Start of Data
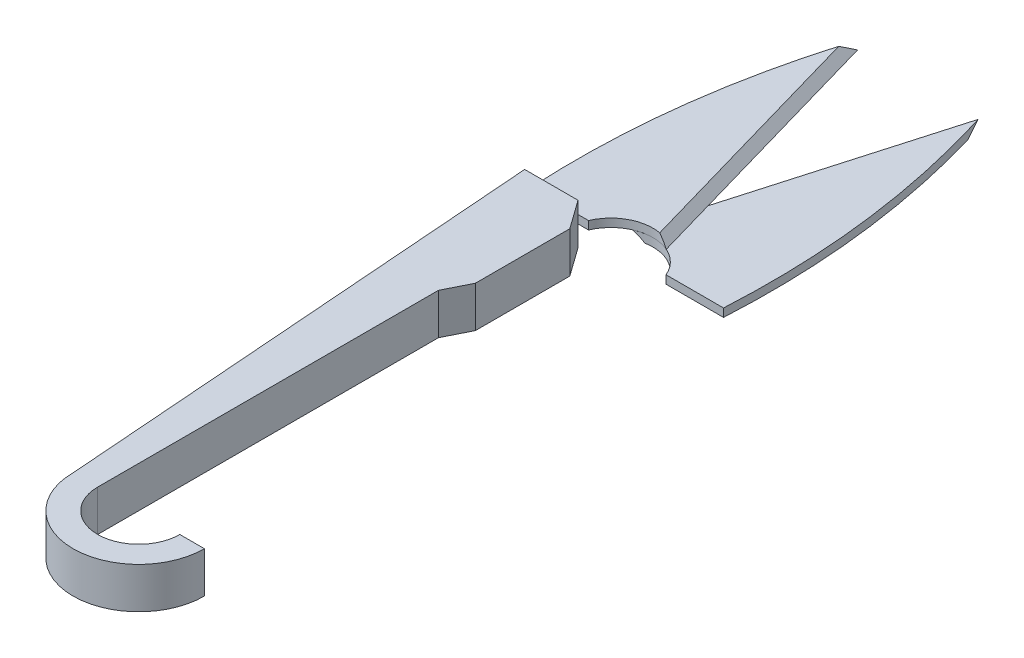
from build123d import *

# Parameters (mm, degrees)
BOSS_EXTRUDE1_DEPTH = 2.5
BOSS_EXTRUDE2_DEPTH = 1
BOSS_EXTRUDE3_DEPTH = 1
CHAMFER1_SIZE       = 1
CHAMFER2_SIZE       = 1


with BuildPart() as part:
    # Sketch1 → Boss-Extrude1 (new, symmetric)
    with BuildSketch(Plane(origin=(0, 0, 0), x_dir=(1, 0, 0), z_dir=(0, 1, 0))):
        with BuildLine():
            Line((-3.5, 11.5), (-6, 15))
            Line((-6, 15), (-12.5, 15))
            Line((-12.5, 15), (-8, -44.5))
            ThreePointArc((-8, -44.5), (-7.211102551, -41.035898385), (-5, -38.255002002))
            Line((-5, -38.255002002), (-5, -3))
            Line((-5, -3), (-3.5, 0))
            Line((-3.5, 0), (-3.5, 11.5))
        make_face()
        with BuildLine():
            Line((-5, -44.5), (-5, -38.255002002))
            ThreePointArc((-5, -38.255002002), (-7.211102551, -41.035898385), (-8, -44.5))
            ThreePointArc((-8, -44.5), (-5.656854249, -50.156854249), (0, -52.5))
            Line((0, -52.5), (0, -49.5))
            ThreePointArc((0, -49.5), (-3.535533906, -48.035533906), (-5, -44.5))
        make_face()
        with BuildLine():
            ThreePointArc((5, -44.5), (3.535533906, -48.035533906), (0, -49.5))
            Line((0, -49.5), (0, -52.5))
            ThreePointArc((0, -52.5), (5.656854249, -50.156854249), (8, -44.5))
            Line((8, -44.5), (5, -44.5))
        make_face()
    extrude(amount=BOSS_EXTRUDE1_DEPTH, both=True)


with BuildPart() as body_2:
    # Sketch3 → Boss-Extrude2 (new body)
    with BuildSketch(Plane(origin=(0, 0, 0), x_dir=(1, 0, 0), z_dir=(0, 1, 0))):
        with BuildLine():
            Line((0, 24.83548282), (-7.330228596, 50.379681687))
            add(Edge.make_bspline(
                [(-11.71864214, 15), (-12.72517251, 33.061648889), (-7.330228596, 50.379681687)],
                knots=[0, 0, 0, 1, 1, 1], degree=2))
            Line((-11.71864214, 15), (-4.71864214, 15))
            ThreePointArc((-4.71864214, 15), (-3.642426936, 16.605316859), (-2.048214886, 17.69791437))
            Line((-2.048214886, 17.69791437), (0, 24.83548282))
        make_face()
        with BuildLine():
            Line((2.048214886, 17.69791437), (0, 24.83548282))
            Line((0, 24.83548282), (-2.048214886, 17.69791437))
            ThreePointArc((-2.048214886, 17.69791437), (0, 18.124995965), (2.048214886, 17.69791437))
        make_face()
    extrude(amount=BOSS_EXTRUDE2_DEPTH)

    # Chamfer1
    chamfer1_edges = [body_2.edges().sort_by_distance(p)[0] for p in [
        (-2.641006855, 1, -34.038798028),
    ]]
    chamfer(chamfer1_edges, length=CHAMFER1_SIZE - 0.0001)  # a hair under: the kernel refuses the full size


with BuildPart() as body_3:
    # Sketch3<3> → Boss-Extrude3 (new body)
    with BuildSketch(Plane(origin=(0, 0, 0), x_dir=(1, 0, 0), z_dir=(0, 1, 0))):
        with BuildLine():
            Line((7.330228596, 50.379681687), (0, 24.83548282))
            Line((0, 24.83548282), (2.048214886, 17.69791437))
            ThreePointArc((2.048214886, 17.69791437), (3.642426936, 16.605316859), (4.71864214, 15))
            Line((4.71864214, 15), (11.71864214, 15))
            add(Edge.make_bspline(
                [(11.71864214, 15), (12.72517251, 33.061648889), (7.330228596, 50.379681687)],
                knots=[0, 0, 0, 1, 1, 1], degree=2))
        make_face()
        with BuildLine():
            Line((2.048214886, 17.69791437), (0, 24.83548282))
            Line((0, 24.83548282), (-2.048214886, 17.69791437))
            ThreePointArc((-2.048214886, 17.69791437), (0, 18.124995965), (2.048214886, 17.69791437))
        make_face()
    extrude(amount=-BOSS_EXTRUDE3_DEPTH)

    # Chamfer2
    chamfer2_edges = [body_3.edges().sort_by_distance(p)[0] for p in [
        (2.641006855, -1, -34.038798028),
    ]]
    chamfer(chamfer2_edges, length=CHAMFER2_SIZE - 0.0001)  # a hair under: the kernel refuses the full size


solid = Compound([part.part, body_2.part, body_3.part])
End of Data
What is being asked
Pull out all lines from the listing that contain the string "amount".

Answer to the exercise
    extrude(amount=BOSS_EXTRUDE1_DEPTH, both=True)
    extrude(amount=BOSS_EXTRUDE2_DEPTH)
    extrude(amount=-BOSS_EXTRUDE3_DEPTH)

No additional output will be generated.